### Work task:
Some of the lines below need repeating. Reproduce exactly those between the lines holding "clear tout simlog_ssc_aircraft_ecs" and "settings OptimizationCC: LifeSpan=auto", inclusive.

Saved entries
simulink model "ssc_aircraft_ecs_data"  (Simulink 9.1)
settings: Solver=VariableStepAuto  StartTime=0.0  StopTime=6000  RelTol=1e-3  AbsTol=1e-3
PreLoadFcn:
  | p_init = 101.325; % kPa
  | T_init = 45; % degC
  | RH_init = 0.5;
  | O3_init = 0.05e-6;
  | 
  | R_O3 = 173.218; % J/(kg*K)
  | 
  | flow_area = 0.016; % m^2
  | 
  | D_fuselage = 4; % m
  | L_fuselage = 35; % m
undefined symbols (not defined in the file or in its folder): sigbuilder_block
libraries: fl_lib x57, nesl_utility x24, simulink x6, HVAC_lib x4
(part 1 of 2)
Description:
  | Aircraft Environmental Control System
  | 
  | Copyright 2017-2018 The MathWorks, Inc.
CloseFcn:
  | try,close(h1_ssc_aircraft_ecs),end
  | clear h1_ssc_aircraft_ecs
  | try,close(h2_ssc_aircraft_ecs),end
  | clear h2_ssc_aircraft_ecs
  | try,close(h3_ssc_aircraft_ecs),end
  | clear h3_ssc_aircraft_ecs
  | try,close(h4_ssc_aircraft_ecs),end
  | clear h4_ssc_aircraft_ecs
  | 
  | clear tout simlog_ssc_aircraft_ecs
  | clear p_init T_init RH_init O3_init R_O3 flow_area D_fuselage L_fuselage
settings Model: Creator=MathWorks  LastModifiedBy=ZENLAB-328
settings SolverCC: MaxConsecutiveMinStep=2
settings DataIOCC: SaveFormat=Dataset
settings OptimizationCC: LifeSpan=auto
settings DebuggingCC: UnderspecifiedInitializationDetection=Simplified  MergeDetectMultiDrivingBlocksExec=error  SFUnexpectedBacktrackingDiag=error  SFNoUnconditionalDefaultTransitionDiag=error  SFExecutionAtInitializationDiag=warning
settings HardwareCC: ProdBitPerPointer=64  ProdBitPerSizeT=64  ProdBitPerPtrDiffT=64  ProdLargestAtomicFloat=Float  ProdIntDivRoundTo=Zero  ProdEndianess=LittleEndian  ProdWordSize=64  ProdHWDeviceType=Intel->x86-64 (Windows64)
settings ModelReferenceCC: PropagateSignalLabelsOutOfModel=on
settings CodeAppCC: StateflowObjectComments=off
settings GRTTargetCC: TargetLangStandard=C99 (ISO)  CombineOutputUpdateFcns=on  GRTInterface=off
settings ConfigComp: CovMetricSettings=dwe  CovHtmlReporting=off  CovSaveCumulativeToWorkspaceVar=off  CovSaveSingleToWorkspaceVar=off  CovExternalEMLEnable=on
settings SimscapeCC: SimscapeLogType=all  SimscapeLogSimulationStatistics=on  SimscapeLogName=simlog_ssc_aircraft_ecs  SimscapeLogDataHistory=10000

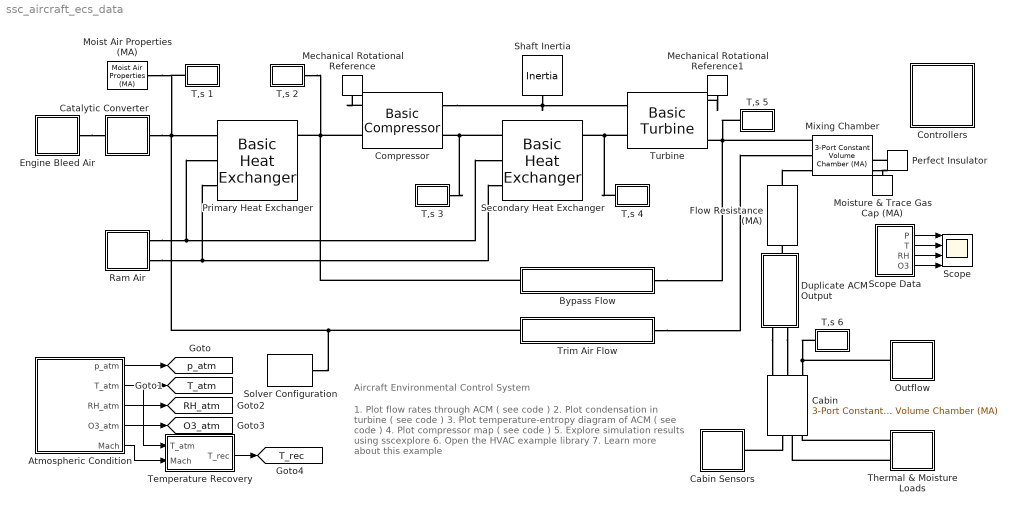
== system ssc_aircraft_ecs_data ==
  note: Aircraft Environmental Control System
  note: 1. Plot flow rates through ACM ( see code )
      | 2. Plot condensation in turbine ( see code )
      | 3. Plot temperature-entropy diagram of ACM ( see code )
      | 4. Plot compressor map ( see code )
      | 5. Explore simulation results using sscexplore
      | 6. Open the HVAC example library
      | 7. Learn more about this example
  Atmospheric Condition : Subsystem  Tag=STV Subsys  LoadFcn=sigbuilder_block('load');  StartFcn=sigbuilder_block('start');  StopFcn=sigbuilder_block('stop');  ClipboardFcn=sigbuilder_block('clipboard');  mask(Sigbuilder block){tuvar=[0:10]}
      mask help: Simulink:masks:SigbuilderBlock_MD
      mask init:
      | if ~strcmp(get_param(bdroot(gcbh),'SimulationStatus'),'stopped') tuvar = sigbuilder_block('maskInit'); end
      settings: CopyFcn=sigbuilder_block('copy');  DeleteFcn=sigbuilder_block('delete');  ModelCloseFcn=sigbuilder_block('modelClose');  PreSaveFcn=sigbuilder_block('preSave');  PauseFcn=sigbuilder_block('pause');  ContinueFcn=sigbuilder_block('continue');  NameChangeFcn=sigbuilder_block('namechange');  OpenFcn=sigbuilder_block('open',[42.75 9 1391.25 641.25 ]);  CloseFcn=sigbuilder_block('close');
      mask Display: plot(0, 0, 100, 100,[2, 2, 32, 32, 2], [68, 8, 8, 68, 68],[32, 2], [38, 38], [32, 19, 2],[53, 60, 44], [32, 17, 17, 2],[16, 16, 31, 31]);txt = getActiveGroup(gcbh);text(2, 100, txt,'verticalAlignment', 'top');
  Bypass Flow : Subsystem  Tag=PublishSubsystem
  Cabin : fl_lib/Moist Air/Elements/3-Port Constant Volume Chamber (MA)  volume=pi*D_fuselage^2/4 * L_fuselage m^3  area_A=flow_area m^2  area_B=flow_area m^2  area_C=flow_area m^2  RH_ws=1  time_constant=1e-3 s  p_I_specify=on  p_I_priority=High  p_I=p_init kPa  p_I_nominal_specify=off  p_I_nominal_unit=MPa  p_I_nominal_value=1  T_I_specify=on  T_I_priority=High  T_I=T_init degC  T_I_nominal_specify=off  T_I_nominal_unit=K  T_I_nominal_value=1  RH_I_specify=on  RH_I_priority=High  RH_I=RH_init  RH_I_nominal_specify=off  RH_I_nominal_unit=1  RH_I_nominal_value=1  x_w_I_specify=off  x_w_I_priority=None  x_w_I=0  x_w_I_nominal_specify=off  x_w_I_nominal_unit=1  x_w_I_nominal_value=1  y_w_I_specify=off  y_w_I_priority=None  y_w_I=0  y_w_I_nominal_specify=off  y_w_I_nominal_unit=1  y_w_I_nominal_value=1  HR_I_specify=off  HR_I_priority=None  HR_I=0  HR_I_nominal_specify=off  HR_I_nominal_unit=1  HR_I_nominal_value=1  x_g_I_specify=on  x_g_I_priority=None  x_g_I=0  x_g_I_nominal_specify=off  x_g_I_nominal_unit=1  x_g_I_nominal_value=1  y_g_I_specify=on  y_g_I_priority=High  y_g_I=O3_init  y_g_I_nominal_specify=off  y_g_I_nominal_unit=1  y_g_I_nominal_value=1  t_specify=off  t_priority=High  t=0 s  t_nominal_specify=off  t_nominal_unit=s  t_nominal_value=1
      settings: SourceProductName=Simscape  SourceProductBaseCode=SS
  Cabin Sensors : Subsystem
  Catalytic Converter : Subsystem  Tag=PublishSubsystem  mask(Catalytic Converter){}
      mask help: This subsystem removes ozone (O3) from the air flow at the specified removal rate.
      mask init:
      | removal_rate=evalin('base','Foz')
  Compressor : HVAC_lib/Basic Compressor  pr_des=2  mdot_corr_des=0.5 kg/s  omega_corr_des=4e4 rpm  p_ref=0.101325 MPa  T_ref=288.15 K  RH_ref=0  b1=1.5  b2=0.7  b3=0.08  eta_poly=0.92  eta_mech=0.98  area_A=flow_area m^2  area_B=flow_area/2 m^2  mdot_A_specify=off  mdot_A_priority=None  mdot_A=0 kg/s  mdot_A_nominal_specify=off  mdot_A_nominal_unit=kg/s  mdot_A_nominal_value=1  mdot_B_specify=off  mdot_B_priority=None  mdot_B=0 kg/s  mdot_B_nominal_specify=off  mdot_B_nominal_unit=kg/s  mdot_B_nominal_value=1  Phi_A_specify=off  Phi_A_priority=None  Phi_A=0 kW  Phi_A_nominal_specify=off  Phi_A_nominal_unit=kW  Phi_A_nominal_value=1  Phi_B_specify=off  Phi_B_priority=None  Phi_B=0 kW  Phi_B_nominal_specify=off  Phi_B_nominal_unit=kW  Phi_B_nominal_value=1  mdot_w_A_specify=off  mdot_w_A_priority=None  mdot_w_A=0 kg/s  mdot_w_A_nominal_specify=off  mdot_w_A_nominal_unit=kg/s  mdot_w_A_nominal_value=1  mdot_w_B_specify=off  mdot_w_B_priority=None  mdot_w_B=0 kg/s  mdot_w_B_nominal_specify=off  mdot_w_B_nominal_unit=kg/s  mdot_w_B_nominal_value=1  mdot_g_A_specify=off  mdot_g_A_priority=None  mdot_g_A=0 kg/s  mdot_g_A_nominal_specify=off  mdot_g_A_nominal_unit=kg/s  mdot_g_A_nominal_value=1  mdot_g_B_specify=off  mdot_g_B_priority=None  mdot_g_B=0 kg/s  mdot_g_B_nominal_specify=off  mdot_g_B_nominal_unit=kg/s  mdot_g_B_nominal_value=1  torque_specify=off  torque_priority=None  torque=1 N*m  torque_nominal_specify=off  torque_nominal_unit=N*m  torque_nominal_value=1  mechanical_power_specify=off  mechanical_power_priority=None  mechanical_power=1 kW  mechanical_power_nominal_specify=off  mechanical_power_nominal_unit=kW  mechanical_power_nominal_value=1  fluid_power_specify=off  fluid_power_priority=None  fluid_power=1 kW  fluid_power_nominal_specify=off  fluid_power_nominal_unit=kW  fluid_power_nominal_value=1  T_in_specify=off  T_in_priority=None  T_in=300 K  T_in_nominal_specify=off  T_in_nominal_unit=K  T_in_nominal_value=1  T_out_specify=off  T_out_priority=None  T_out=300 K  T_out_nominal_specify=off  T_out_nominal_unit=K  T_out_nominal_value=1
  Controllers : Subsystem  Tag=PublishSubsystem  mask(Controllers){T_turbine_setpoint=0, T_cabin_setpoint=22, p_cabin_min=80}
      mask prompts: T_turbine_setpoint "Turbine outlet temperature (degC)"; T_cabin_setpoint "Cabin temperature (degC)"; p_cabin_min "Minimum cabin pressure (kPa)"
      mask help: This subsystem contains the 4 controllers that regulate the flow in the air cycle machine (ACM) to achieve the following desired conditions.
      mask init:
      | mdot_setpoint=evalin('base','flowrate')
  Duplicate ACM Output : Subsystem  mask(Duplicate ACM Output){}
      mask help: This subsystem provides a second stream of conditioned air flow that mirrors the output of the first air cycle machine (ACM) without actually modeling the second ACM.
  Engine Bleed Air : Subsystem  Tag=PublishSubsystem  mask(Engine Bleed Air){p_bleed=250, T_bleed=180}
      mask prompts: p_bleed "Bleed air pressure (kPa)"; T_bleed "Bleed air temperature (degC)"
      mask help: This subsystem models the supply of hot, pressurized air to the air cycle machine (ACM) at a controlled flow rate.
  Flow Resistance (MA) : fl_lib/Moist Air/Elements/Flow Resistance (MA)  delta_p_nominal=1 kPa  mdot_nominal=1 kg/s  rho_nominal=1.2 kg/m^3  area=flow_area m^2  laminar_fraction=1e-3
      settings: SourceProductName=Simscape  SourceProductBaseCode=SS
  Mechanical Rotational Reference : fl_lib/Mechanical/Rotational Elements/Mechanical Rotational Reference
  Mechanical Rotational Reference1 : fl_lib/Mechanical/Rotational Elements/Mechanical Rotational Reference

### Exercise output:
  | clear tout simlog_ssc_aircraft_ecs
  | clear p_init T_init RH_init O3_init R_O3 flow_area D_fuselage L_fuselage
settings Model: Creator=MathWorks  LastModifiedBy=ZENLAB-328
settings SolverCC: MaxConsecutiveMinStep=2
settings DataIOCC: SaveFormat=Dataset
settings OptimizationCC: LifeSpan=auto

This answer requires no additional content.